The Curious Case Of Big Data Definition

 Big Data Studio

As Featured On EzineArticles

15 December 2012 — By Fari Payandeh

Most technical people I have talked to think that Big Data is nothing new. They seem to be proceeding on the premise that Big Data’s sole purpose in life is to serve business intelligence.  As someone said to me the other day, “Walmart has been enjoying the fruit of their investment in data warehousing/business intelligence for years; way before there was a Hadoop or NoSql in existence”. True, but Big Data is not about “What”. It’s about “How”. How long does Walmart’s nightly jobs run to transform the raw data into meaningful data (business data) that can be used by its BI tools? Moreover, is Walmart currently processing its unstructured data to add value to its BI strategy?

I watched Werner Vogels, the CTO of Amazon elaborate on what is today called “Big Data” back in 2006. He was talking about how Amazon had made a radical shift from Relational Databases to flat files to store its customer data. He said that Relational Databases weren’t able to meet Amazon’s requirements. What is interesting is that Werner Vogel was referring to the difficulties they were facing in processing the OLTP portion of their business and not DSS. However, today, Big Data encompasses OLTP, DSS, and real-time BI.
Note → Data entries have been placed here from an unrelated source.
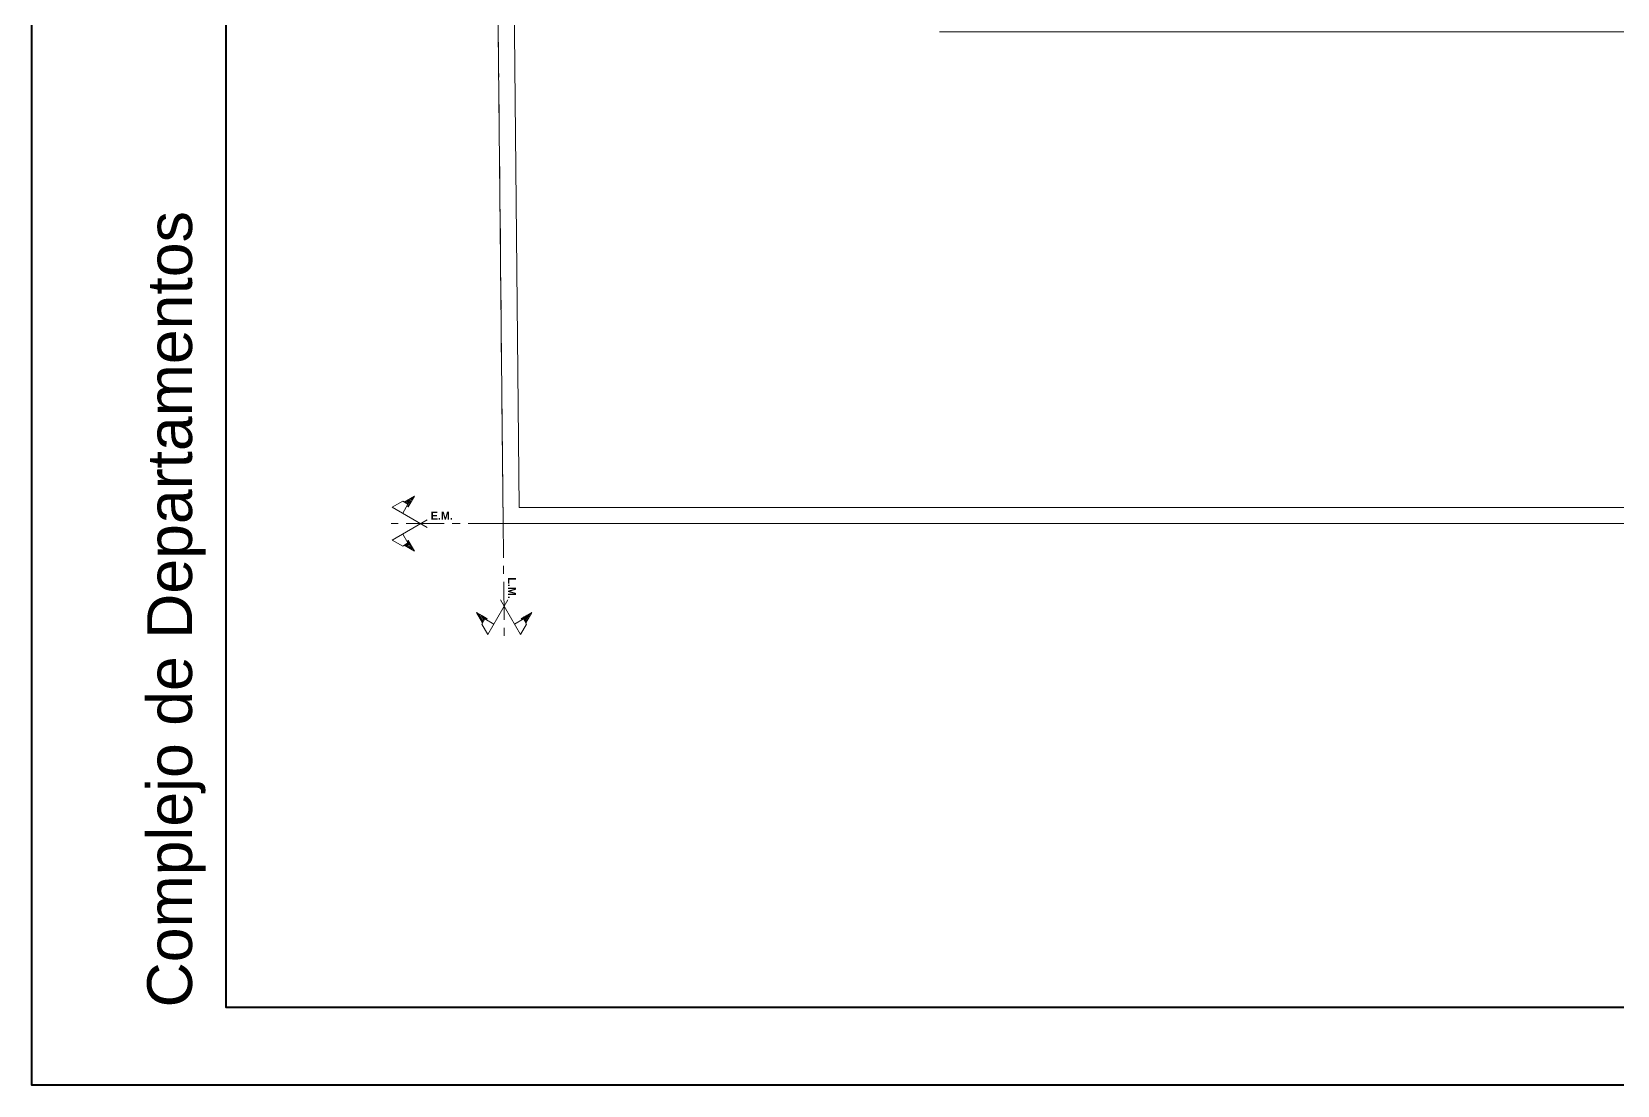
# Model space of a CAD drawing. Header units: millimetres. Extents: x 5985 to 6342, y 1020 to 1088.
# Drawn here: x 6139.04 to 6158.85, y 1055.51 to 1068.68 of the extents above; entities that cross this region are included whole.
import ezdxf

# ---------------------------------------------------------------- set-up
doc = ezdxf.new("R2010")
doc.units = ezdxf.units.MM
doc.linetypes.add('CENTER', pattern=[50.8, 31.75, -6.35, 6.35, -6.35])
for name, color, linetype, lineweight in [('02_CIVIL_EXIST', 18, 'Continuous', 30), ('07_CIVIL VISTAS MEDIA', 251, 'Continuous', 5), ('10_CIVIL EJES', 230, 'CENTER', 15), ('12_TEXTOS', 150, 'Continuous', 40)]:
    doc.layers.add(name, color=color, linetype=linetype, lineweight=lineweight)
doc.styles.add('JDS1', font='GOTHICB.TTF')
doc.styles.add('Swis721 BT', font='swiss.ttf')

msp = doc.modelspace()

# ---------------------------------------------------------------- hatches: boundary and pattern name
at = {"layer": '07_CIVIL VISTAS MEDIA', "linetype": 'ByBlock', "lineweight": 9}
h = msp.add_hatch(dxfattribs=at)
h.set_pattern_fill('LINE', color=256, scale=0.09375, angle=510, style=0)
h.set_pattern_definition([(150, (5722.812486, 1012.998705), (-0.005859375, -0.0101487352), [])])
h.paths.add_polyline_path([(6143.819, 1062.88), (6143.741, 1062.746), (6143.725, 1062.755), (6143.737, 1062.777), (6143.689, 1062.805)])
h = msp.add_hatch(dxfattribs=at)
h.set_pattern_fill('LINE', color=256, scale=0.09375, angle=510, style=0)
h.set_pattern_definition([(210, (5722.812486, 1086.692124), (-0.005859375, 0.0101487352), [])])
h.paths.add_polyline_path([(6143.689, 1062.264), (6143.737, 1062.293), (6143.725, 1062.314), (6143.741, 1062.324), (6143.819, 1062.189)])
h = msp.add_hatch(dxfattribs=at)
h.set_pattern_fill('LINE', color=256, scale=0.09375, angle=420, style=0)
h.set_pattern_definition([(120, (6169.096124, 1483.61917), (0.0101487352, 0.005859375), [])])
h.paths.add_polyline_path([(6144.668, 1061.295), (6144.697, 1061.344), (6144.718, 1061.331), (6144.728, 1061.348), (6144.593, 1061.425)])
h = msp.add_hatch(dxfattribs=at)
h.set_pattern_fill('LINE', color=256, scale=0.09375, angle=420, style=0)
h.set_pattern_definition([(60, (6095.402706, 1483.61917), (-0.0101487352, 0.005859375), [])])
h.paths.add_polyline_path([(6145.284, 1061.425), (6145.15, 1061.348), (6145.159, 1061.331), (6145.181, 1061.344), (6145.209, 1061.295)])

# ---------------------------------------------------------------- linework, layer by layer
at = {"layer": '02_CIVIL_EXIST', "lineweight": 40}
for points in [[(6139.037, 1084.382), (6179.861, 1084.382), (6179.861, 1055.514), (6139.037, 1055.514)], [(6141.467, 1083.41), (6178.889, 1083.41), (6178.889, 1056.486), (6141.467, 1056.486)]]:
    msp.add_lwpolyline(points, close=True, dxfattribs=at)
at = {"layer": '07_CIVIL VISTAS MEDIA'}
for p, q in [((6144.777, 1077.535), (6144.928, 1062.535)), ((6144.98, 1077.385), (6145.126, 1062.735)), ((6150.377, 1068.685), (6169.377, 1068.685)), ((6160.492, 1062.735), (6145.126, 1062.735)), ((6160.492, 1062.535), (6144.93, 1062.535))]:
    msp.add_line(p, q, dxfattribs=at)
at = {"layer": '07_CIVIL VISTAS MEDIA', "linetype": 'ByBlock', "lineweight": 9}
for p, q in [((6143.672, 1062.814), (6143.542, 1062.739)), ((6143.737, 1062.777), (6143.672, 1062.814)), ((6143.737, 1062.777), (6143.673, 1062.664)), ((6143.819, 1062.88), (6143.689, 1062.805)), ((6143.741, 1062.746), (6143.725, 1062.755)), ((6143.819, 1062.88), (6143.741, 1062.746)), ((6143.978, 1062.488), (6143.542, 1062.739)), ((6143.978, 1062.582), (6143.542, 1062.33)), ((6143.737, 1062.293), (6143.673, 1062.405)), ((6143.672, 1062.255), (6143.542, 1062.33)), ((6143.737, 1062.293), (6143.672, 1062.255)), ((6143.819, 1062.189), (6143.689, 1062.264)), ((6143.741, 1062.324), (6143.725, 1062.314)), ((6143.819, 1062.189), (6143.741, 1062.324)), ((6144.986, 1061.584), (6144.734, 1061.149)), ((6144.892, 1061.584), (6145.143, 1061.149)), ((6144.593, 1061.425), (6144.668, 1061.295)), ((6144.593, 1061.425), (6144.728, 1061.348)), ((6145.284, 1061.425), (6145.15, 1061.348)), ((6145.284, 1061.425), (6145.209, 1061.295)), ((6144.697, 1061.344), (6144.659, 1061.279)), ((6144.659, 1061.279), (6144.734, 1061.149)), ((6144.697, 1061.344), (6144.809, 1061.279)), ((6144.728, 1061.348), (6144.718, 1061.331)), ((6145.181, 1061.344), (6145.068, 1061.279)), ((6145.218, 1061.279), (6145.143, 1061.149)), ((6145.15, 1061.348), (6145.159, 1061.331)), ((6145.181, 1061.344), (6145.218, 1061.279))]:
    msp.add_line(p, q, dxfattribs=at)
at = {"layer": '10_CIVIL EJES', "ltscale": 0.015}
for p, q in [((6144.764, 1078.885), (6144.941, 1061.085)), ((6160.492, 1062.535), (6143.527, 1062.535))]:
    msp.add_line(p, q, dxfattribs=at)

# ---------------------------------------------------------------- texts
at = {"layer": '12_TEXTOS', "color": 18, "insert": (6140.48, 1056.487), "char_height": 0.55987, "attachment_point": 1, "rotation": 90, "style": 'Swis721 BT'}
msp.add_mtext_dynamic_manual_height_columns('Complejo de Departamentos', width=10.15474, gutter_width=10, heights=[0], dxfattribs=at)
at = {"layer": '12_TEXTOS', "color": 150, "insert": (6143.99, 1062.584), "char_height": 0.1, "width": 0.32371, "attachment_point": 7, "style": 'JDS1'}
msp.add_mtext('{\\W0.877602; }E.M.', dxfattribs=at)
at = {"layer": '12_TEXTOS', "color": 150, "insert": (6144.988, 1061.596), "char_height": 0.1, "width": 0.32371, "attachment_point": 9, "rotation": 270, "style": 'JDS1'}
msp.add_mtext('L.M.', dxfattribs=at)

doc.saveas('drawing.dxf')

Let’s balance the myth against the facts: What is not Big Data? Big Data is not attached to a set of technologies nor is it applicable to every single company that sits on top of huge amounts of data. It is true that the IT industry has made great strides in data caching, I/O throughput, scalability, availability, consistency, real-time data processing, and working with unstructured data. However, those enhancements could have come to life organically by the invisible hands of market dynamics to support the evolution of business intelligence. Where facts and myth deviate is that the myth fails to take account of the likelihood that we would have been where we are today even if there were no likes of Amazon around.

In conclusion, the term “Big Data”, although legitimate in that it is referring to  new ways of processing large amounts of data, is misleading due to the fact that “size” is part of the name, but size types (small, medium, large) are not constants and they change overtime. What was considered a large data set twenty years ago may fall into small category today. I personally would rather refer to it as “Net Data”, alluding to the way  data is spread across many servers on disk files as opposed to Databases.